THE Bush Doctrine - born on Sept. 20, 2001, when President Bush bluntly warned the sponsors of violent jihad: "You are either with us, or you are with the terrorists" - is dead. Its demise was announced by Condoleezza Rice last Friday.
The secretary of state was speaking to reporters aboard Air Force One en route with the president to Kuwait from Israel. She was explaining why the administration had abandoned the most fundamental condition of its support for Palestinian statehood - an end to Palestinian terror. Rice's explanation, recounted here by The Washington Times, was as striking for its candor as for its moral blindness:
"The 'road map' for peace, conceived in 2002 by Mr. Bush, had become a hindrance to the peace process, because the first requirement was that the Palestinians stop terrorist attacks. As a result, every time there was a terrorist bombing, the peace process fell apart and went back to square one. Neither side ever began discussing the 'core issues': the freezing of Israeli settlements in the West Bank, the right of Palestinian refugees to return, the outline of Israel's border, and the future of Jerusalem.

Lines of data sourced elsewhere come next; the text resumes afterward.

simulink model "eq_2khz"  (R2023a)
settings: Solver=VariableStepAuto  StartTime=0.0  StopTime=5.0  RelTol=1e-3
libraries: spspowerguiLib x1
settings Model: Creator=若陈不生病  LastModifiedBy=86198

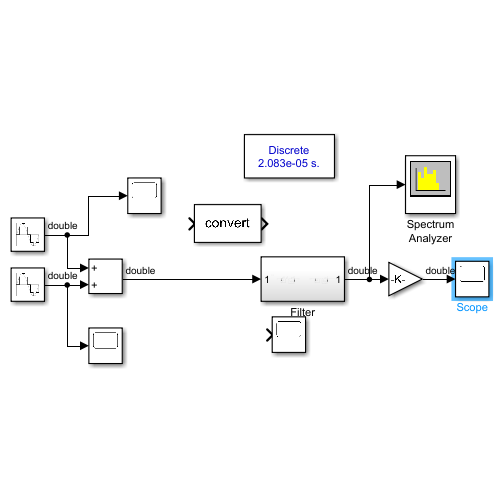
[thumbnail: Simulink's stored preview of the top-level diagram]
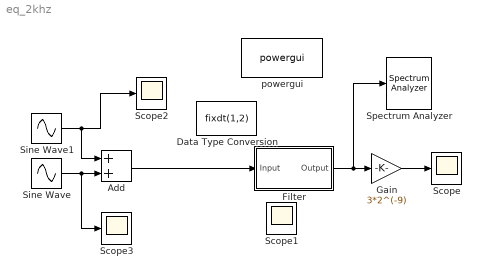
== system eq_2khz ==
  Add : Sum
  Data Type Conversion : DataTypeConversion  OutMin=[-1.1/1.5]  OutMax=[1.1/1.5]  OutDataTypeStr=fixdt(1,2)  SaturateOnIntegerOverflow=off  RndMeth=Floor
  Filter : Subsystem  Tag=FilterWizardSubSystem
      settings: ErrorFcn=dspFilterRealizedInBasicElemsAlgLoopErrFcnCallback
  Gain : Gain  Gain=3*2^(-9)
  Scope{,1..3} (4 alike) : Scope
  Sine Wave : Sin  Frequency=2*pi*200  SampleTime=1/48000
  Sine Wave1 : Sin  Frequency=2*pi*2000  SampleTime=1/48000
  Spectrum Analyzer : SpectrumAnalyzer  WindowPosition=[320.000000,230.000000,800.000000,500.000000,]  Visible=on  ScopeFrameLocation=window  YLimits=[-201.08223669,103.16468539]  ColorLimits=[-20 80]  DefaultConfigurationName=spbscopes.SpectrumAnalyzerBlockCfg  IsFrequencyInputMode=0  FrequencyVectorPort=0  FrequencyVectorFromPort=0  FrequencyInputRBWPort=0  FrequencyInputRBWFromPort=0
  powergui : spspowerguiLib/powergui  Priority=1  SimulationMode=Discrete  SampleTime=1/48000  frequency=60  Iterations=50  frequencyindice=60  Pbase=100e6  ErrMax=1e-4  UnitsV=kV  UnitsW=MW  buscounter=0  FunctionMessages=off  echomessages=off  EnableUseOfTLC=off  CurrentSourceSwitches=off  DisableSnubberDevices=off  DisableRonSwitches=off  DisableVfSwitches=off  DisplayEquations=off  AutomaticDiscreteSolvers=off  SolverType=Tustin/Backward Euler (TBE)  Interpol=off  ExternalGateDelay=off  methode=off  Ts=100  x0status=blocks  SPID=on  SwTol=0  HookPort=off  NonlinearTolerance=1e-4  nMaxIteration=100  ContinueOnMaxIteration=off  RestoreLinks=warning  ResistiveCurrentMeasurement=off  Frange=[0:2:500]  Ylog=off  Xlog=on  ShowGrid=off  save=off  variable=ZData  structure=0  ZoomFFT=off  StartTime=0.0  cycles=1  DisplayStyle=1  fundamental=60  FreqAxis=off  MaxFrequency=1000  frequencyindicesteady=1  RmsSteady=1  display=off
  wires:
  Sine Wave/1 -> Add/2, Scope3/1
  Gain/1 -> Scope/1
  Filter/1(Output) -> Spectrum Analyzer/1, Gain/1
  Sine Wave1/1 -> Scope2/1, Add/1
  Add/1 -> Filter/1(Input)

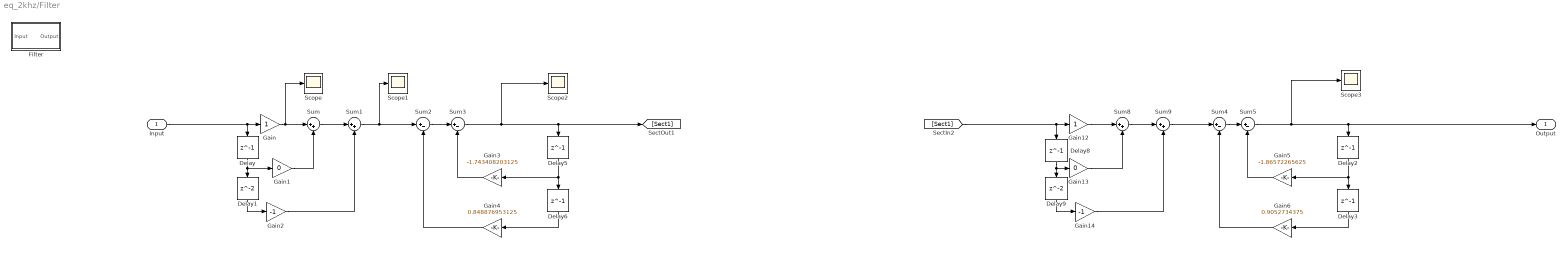
== system eq_2khz/Filter ==
  Input : Inport
  Delay{,2..3,5..6,8} (6 alike) : Delay  DelayLength=1
  Delay1 : Delay
  Delay9 : Delay
  Filter : Subsystem  Tag=FilterWizardSubSystem
      settings: ErrorFcn=dspFilterRealizedInBasicElemsAlgLoopErrFcnCallback
  Gain : Gain
  Gain1 : Gain  Gain=0
  Gain12 : Gain
  Gain13 : Gain  Gain=0
  Gain14 : Gain  Gain=-1
  Gain2 : Gain  Gain=-1
  Gain3 : Gain  Gain=-1.743408203125
  Gain4 : Gain  Gain=0.848876953125
  Gain5 : Gain  Gain=-1.86572265625
  Gain6 : Gain  Gain=0.9052734375
  Scope{,1..3} (4 alike) : Scope
  Sum{,1,8..9} (4 alike) : Sum  Inputs=|++
  Sum{2..5} (4 alike) : Sum  Inputs=|+-
  Output : Outport
  wires:
  Gain13/1 -> Sum8/2
  Delay8/1 -> Delay9/1, Gain13/1
  Gain12/1 -> Sum8/1
  Gain14/1 -> Sum9/2
  Delay9/1 -> Gain14/1
  Sum8/1 -> Sum9/1
  [Sect1] -> Delay8/1, Gain12/1
  Delay6/1 -> Gain4/1
  Delay5/1 -> Delay6/1, Gain3/1
  Gain1/1 -> Sum/2
  Delay/1 -> Delay1/1, Gain1/1
  Gain/1 -> Scope/1, Sum/1
  Gain2/1 -> Sum1/2
  Sum1/1 -> Scope1/1, Sum2/1
  Delay1/1 -> Gain2/1
  Sum/1 -> Sum1/1
  Input/1 -> Gain/1, Delay/1
  Sum2/1 -> Sum3/1
  Gain3/1 -> Sum3/2
  Gain4/1 -> Sum2/2
  Sum3/1 -> Scope2/1, [Sect1], Delay5/1
  Gain6/1 -> Sum4/2
  Sum4/1 -> Sum5/1
  Delay3/1 -> Gain6/1
  Delay2/1 -> Delay3/1, Gain5/1
  Gain5/1 -> Sum5/2
  Sum5/1 -> Scope3/1, Output/1, Delay2/1
  Sum9/1 -> Sum4/1

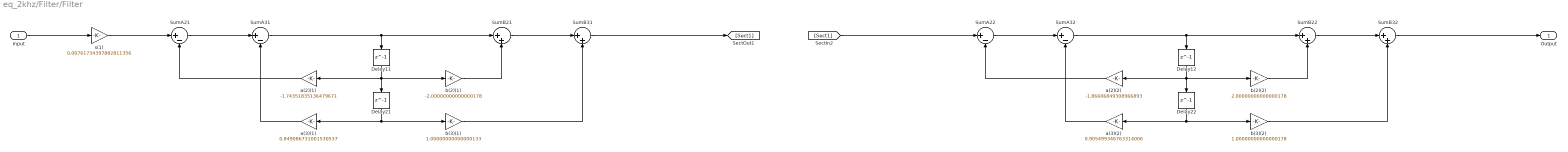
== system eq_2khz/Filter/Filter ==
  Input : Inport
  Delay{11..12,21..22} (4 alike) : Delay  DelayLength=1  InitialCondition=0
  SumA{21..22,31..32} (4 alike) : Sum  Inputs=|+-  RndMeth=Nearest  SaturateOnIntegerOverflow=on  OutDataTypeStr=Inherit: Same as first input
  SumB{21..22,31..32} (4 alike) : Sum  Inputs=|++  RndMeth=Nearest  SaturateOnIntegerOverflow=on  OutDataTypeStr=Inherit: Same as first input
  a(2)(1) : Gain  Gain=-1.74351835136479671  ParamDataTypeStr=double  RndMeth=Nearest  SaturateOnIntegerOverflow=on  OutDataTypeStr=Inherit: Same as input
  a(2)(2) : Gain  Gain=-1.86606849308966893  ParamDataTypeStr=double  RndMeth=Nearest  SaturateOnIntegerOverflow=on  OutDataTypeStr=Inherit: Same as input
  a(3)(1) : Gain  Gain=0.849086731001530537  ParamDataTypeStr=double  RndMeth=Nearest  SaturateOnIntegerOverflow=on  OutDataTypeStr=Inherit: Same as input
  a(3)(2) : Gain  Gain=0.905499346763314006  ParamDataTypeStr=double  RndMeth=Nearest  SaturateOnIntegerOverflow=on  OutDataTypeStr=Inherit: Same as input
  b(2)(1) : Gain  Gain=-2.00000000000000178  ParamDataTypeStr=double  RndMeth=Nearest  SaturateOnIntegerOverflow=on  OutDataTypeStr=Inherit: Same as input
  b(2)(2) : Gain  Gain=2.00000000000000178  ParamDataTypeStr=double  RndMeth=Nearest  SaturateOnIntegerOverflow=on  OutDataTypeStr=Inherit: Same as input
  b(3)(1) : Gain  Gain=1.00000000000000133  ParamDataTypeStr=double  RndMeth=Nearest  SaturateOnIntegerOverflow=on  OutDataTypeStr=Inherit: Same as input
  b(3)(2) : Gain  Gain=1.00000000000000178  ParamDataTypeStr=double  RndMeth=Nearest  SaturateOnIntegerOverflow=on  OutDataTypeStr=Inherit: Same as input
  s(1) : Gain  Gain=0.00761734397882811356  ParamDataTypeStr=double  RndMeth=Nearest  SaturateOnIntegerOverflow=on  OutDataTypeStr=Inherit: Same as input
  Output : Outport
  wires:
  Input/1 -> s(1)/1
  s(1)/1 -> SumA21/1
  SumA21/1 -> SumA31/1
  SumA31/1 -> SumB21/1, Delay11/1
  SumB21/1 -> SumB31/1
  SumB31/1 -> [Sect1]
  a(2)(1)/1 -> SumA21/2
  Delay11/1 -> a(2)(1)/1, b(2)(1)/1, Delay21/1
  b(2)(1)/1 -> SumB21/2
  a(3)(1)/1 -> SumA31/2
  Delay21/1 -> a(3)(1)/1, b(3)(1)/1
  b(3)(1)/1 -> SumB31/2
  [Sect1] -> SumA22/1
  SumA22/1 -> SumA32/1
  SumA32/1 -> SumB22/1, Delay12/1
  SumB22/1 -> SumB32/1
  SumB32/1 -> Output/1
  a(2)(2)/1 -> SumA22/2
  Delay12/1 -> a(2)(2)/1, b(2)(2)/1, Delay22/1
  b(2)(2)/1 -> SumB22/2
  a(3)(2)/1 -> SumA32/2
  Delay22/1 -> a(3)(2)/1, b(3)(2)/1
  b(3)(2)/1 -> SumB32/2

"The reason that we haven't really been able to move forward on the peace process for a number of years is that we were stuck in the sequentiality of the road map. So you had to do the first phase of the road map before you moved on to the third phase of the road map, which was the actual negotiations of final status," Rice said. . . . What the US-hosted November peace summit in Annapolis did was "break that tight sequentiality. . . You don't want people to get hung up on settlement activity or the fact that the Palestinians haven't fully been able to deal with the terrorist infrastructure. . ."
Thus the president who once insisted that a "Palestinian state will never be created by terror" now insists that a Palestinian state be created regardless of terror. Once the Bush administration championed a "road map" whose first and foremost requirement was that the Palestinians "declare an unequivocal end to violence and terrorism" and shut down "all official . . . incitement against Israel." Now the administration says that Palestinian terrorism and incitement are nothing "to get hung up on."
Whatever happened to the moral clarity that informed the president's worldview in the wake of 9/11? Whatever happened to the conviction that was at the core of the Bush Doctrine: that terrorists must be anathematized and defeated, and the fever-swamps that breed them drained and detoxified?
Bush's support for the creation of a Palestinian state was always misguided - rarely has a society shown itself less suited for sovereignty - but at least he made it clear that American support came at a stiff price: "The United States will not support the establishment of a Palestinian state," Bush said in his landmark June 2002 speech on the Israeli-Arab conflict, "until its leaders engage in a sustained fight against the terrorists and dismantle their infrastructure." He reinforced that condition two years later, confirming in a letter to Ariel Sharon that "the Palestinian leadership must act decisively against terror, including sustained, targeted, and effective operations to stop terrorism and dismantle terrorist capabilities and infrastructure."
Now that policy has gone by the boards, replaced by one less focused on achieving peace than on maintaining a "peace process." No doubt it is difficult, as Rice says, to "move forward on the peace process" when the Palestinian Authority glorifies suicide bombers and encourages a murderous goal of eliminating the Jewish state. If the Bush Doctrine - "with us or with the terrorists" - were still in force, the peace process would be shelved. The administration would be treating the Palestinians as pariahs, allowing them no assistance of any kind, much less movement toward statehood, so long as their encouragement of terrorism persisted.
But it is the Bush Doctrine that has been shelved. In its hunger for Arab support against Iran - and perhaps in a quest for a historic "legacy" - the administration has dropped "with us or with the terrorists." It is hellbent instead on bestowing statehood upon a regime that stands unequivocally with the terrorists. "Frankly, it's time for the establishment of a Palestinian state," Rice says.
When George W. Bush succeeded Bill Clinton, he was determined not to replicate his predecessor's blunders in the Middle East, a determination that intensified after 9/11. Yet now he too has succumbed to the messianism that leads US presidents to imagine they can resolve the Arab-Israeli conflict. Clinton's legacy in this arena was the second intifada, which drenched the region in blood. To what fresh hell will Bush's diplomacy lead?